**ABOUT THIS TASK**.
Please make an exact transcription of all the data that follows.

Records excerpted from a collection

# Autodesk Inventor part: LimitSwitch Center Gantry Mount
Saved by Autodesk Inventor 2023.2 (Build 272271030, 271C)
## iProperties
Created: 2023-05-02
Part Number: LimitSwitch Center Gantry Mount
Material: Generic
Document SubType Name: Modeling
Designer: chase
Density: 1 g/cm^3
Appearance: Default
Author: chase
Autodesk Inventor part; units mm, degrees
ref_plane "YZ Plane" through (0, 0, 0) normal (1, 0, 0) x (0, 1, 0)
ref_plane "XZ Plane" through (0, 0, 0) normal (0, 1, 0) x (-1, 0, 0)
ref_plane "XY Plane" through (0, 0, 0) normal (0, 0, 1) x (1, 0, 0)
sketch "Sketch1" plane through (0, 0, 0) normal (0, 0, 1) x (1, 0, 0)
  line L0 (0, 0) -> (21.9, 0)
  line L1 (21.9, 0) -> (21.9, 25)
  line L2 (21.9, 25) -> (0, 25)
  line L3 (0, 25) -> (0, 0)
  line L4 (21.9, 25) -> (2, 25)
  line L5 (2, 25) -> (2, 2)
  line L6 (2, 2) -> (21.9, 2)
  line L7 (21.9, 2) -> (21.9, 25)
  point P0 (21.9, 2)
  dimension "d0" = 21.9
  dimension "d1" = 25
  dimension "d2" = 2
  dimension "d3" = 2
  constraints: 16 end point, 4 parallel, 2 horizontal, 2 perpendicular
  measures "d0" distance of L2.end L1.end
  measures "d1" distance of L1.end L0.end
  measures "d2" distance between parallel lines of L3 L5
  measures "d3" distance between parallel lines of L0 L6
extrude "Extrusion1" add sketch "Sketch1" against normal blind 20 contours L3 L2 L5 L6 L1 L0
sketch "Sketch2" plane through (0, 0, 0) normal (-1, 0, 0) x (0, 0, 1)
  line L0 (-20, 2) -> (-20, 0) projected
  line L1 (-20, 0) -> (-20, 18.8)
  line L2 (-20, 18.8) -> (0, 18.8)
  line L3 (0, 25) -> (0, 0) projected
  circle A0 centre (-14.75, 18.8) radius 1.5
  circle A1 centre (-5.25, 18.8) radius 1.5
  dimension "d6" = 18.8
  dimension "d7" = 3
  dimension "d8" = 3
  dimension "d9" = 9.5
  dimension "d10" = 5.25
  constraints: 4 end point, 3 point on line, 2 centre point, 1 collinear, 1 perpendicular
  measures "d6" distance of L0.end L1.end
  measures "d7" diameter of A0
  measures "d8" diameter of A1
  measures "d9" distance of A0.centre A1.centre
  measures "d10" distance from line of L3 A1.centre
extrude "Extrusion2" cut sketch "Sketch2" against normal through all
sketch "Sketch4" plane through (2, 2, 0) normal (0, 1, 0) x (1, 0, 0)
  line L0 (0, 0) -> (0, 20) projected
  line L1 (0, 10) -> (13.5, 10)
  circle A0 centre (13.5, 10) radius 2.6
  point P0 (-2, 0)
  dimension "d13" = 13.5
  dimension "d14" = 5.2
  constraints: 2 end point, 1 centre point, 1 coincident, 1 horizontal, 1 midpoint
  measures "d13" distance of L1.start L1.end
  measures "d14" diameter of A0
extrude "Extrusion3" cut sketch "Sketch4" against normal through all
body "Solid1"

**THE ANSWER**.
# Autodesk Inventor part: LimitSwitch Center Gantry Mount
Saved by Autodesk Inventor 2023.2 (Build 272271030, 271C)
## iProperties
Created: 2023-05-02
Part Number: LimitSwitch Center Gantry Mount
Material: Generic
Document SubType Name: Modeling
Designer: chase
Density: 1 g/cm^3
Appearance: Default
Author: chase
Autodesk Inventor part; units mm, degrees
ref_plane "YZ Plane" through (0, 0, 0) normal (1, 0, 0) x (0, 1, 0)
ref_plane "XZ Plane" through (0, 0, 0) normal (0, 1, 0) x (-1, 0, 0)
ref_plane "XY Plane" through (0, 0, 0) normal (0, 0, 1) x (1, 0, 0)
sketch "Sketch1" plane through (0, 0, 0) normal (0, 0, 1) x (1, 0, 0)
  line L0 (0, 0) -> (21.9, 0)
  line L1 (21.9, 0) -> (21.9, 25)
  line L2 (21.9, 25) -> (0, 25)
  line L3 (0, 25) -> (0, 0)
  line L4 (21.9, 25) -> (2, 25)
  line L5 (2, 25) -> (2, 2)
  line L6 (2, 2) -> (21.9, 2)
  line L7 (21.9, 2) -> (21.9, 25)
  point P0 (21.9, 2)
  dimension "d0" = 21.9
  dimension "d1" = 25
  dimension "d2" = 2
  dimension "d3" = 2
  constraints: 16 end point, 4 parallel, 2 horizontal, 2 perpendicular
  measures "d0" distance of L2.end L1.end
  measures "d1" distance of L1.end L0.end
  measures "d2" distance between parallel lines of L3 L5
  measures "d3" distance between parallel lines of L0 L6
extrude "Extrusion1" add sketch "Sketch1" against normal blind 20 contours L3 L2 L5 L6 L1 L0
sketch "Sketch2" plane through (0, 0, 0) normal (-1, 0, 0) x (0, 0, 1)
  line L0 (-20, 2) -> (-20, 0) projected
  line L1 (-20, 0) -> (-20, 18.8)
  line L2 (-20, 18.8) -> (0, 18.8)
  line L3 (0, 25) -> (0, 0) projected
  circle A0 centre (-14.75, 18.8) radius 1.5
  circle A1 centre (-5.25, 18.8) radius 1.5
  dimension "d6" = 18.8
  dimension "d7" = 3
  dimension "d8" = 3
  dimension "d9" = 9.5
  dimension "d10" = 5.25
  constraints: 4 end point, 3 point on line, 2 centre point, 1 collinear, 1 perpendicular
  measures "d6" distance of L0.end L1.end
  measures "d7" diameter of A0
  measures "d8" diameter of A1
  measures "d9" distance of A0.centre A1.centre
  measures "d10" distance from line of L3 A1.centre
extrude "Extrusion2" cut sketch "Sketch2" against normal through all
sketch "Sketch4" plane through (2, 2, 0) normal (0, 1, 0) x (1, 0, 0)
  line L0 (0, 0) -> (0, 20) projected
  line L1 (0, 10) -> (13.5, 10)
  circle A0 centre (13.5, 10) radius 2.6
  point P0 (-2, 0)
  dimension "d13" = 13.5
  dimension "d14" = 5.2
  constraints: 2 end point, 1 centre point, 1 coincident, 1 horizontal, 1 midpoint
  measures "d13" distance of L1.start L1.end
  measures "d14" diameter of A0
extrude "Extrusion3" cut sketch "Sketch4" against normal through all
body "Solid1"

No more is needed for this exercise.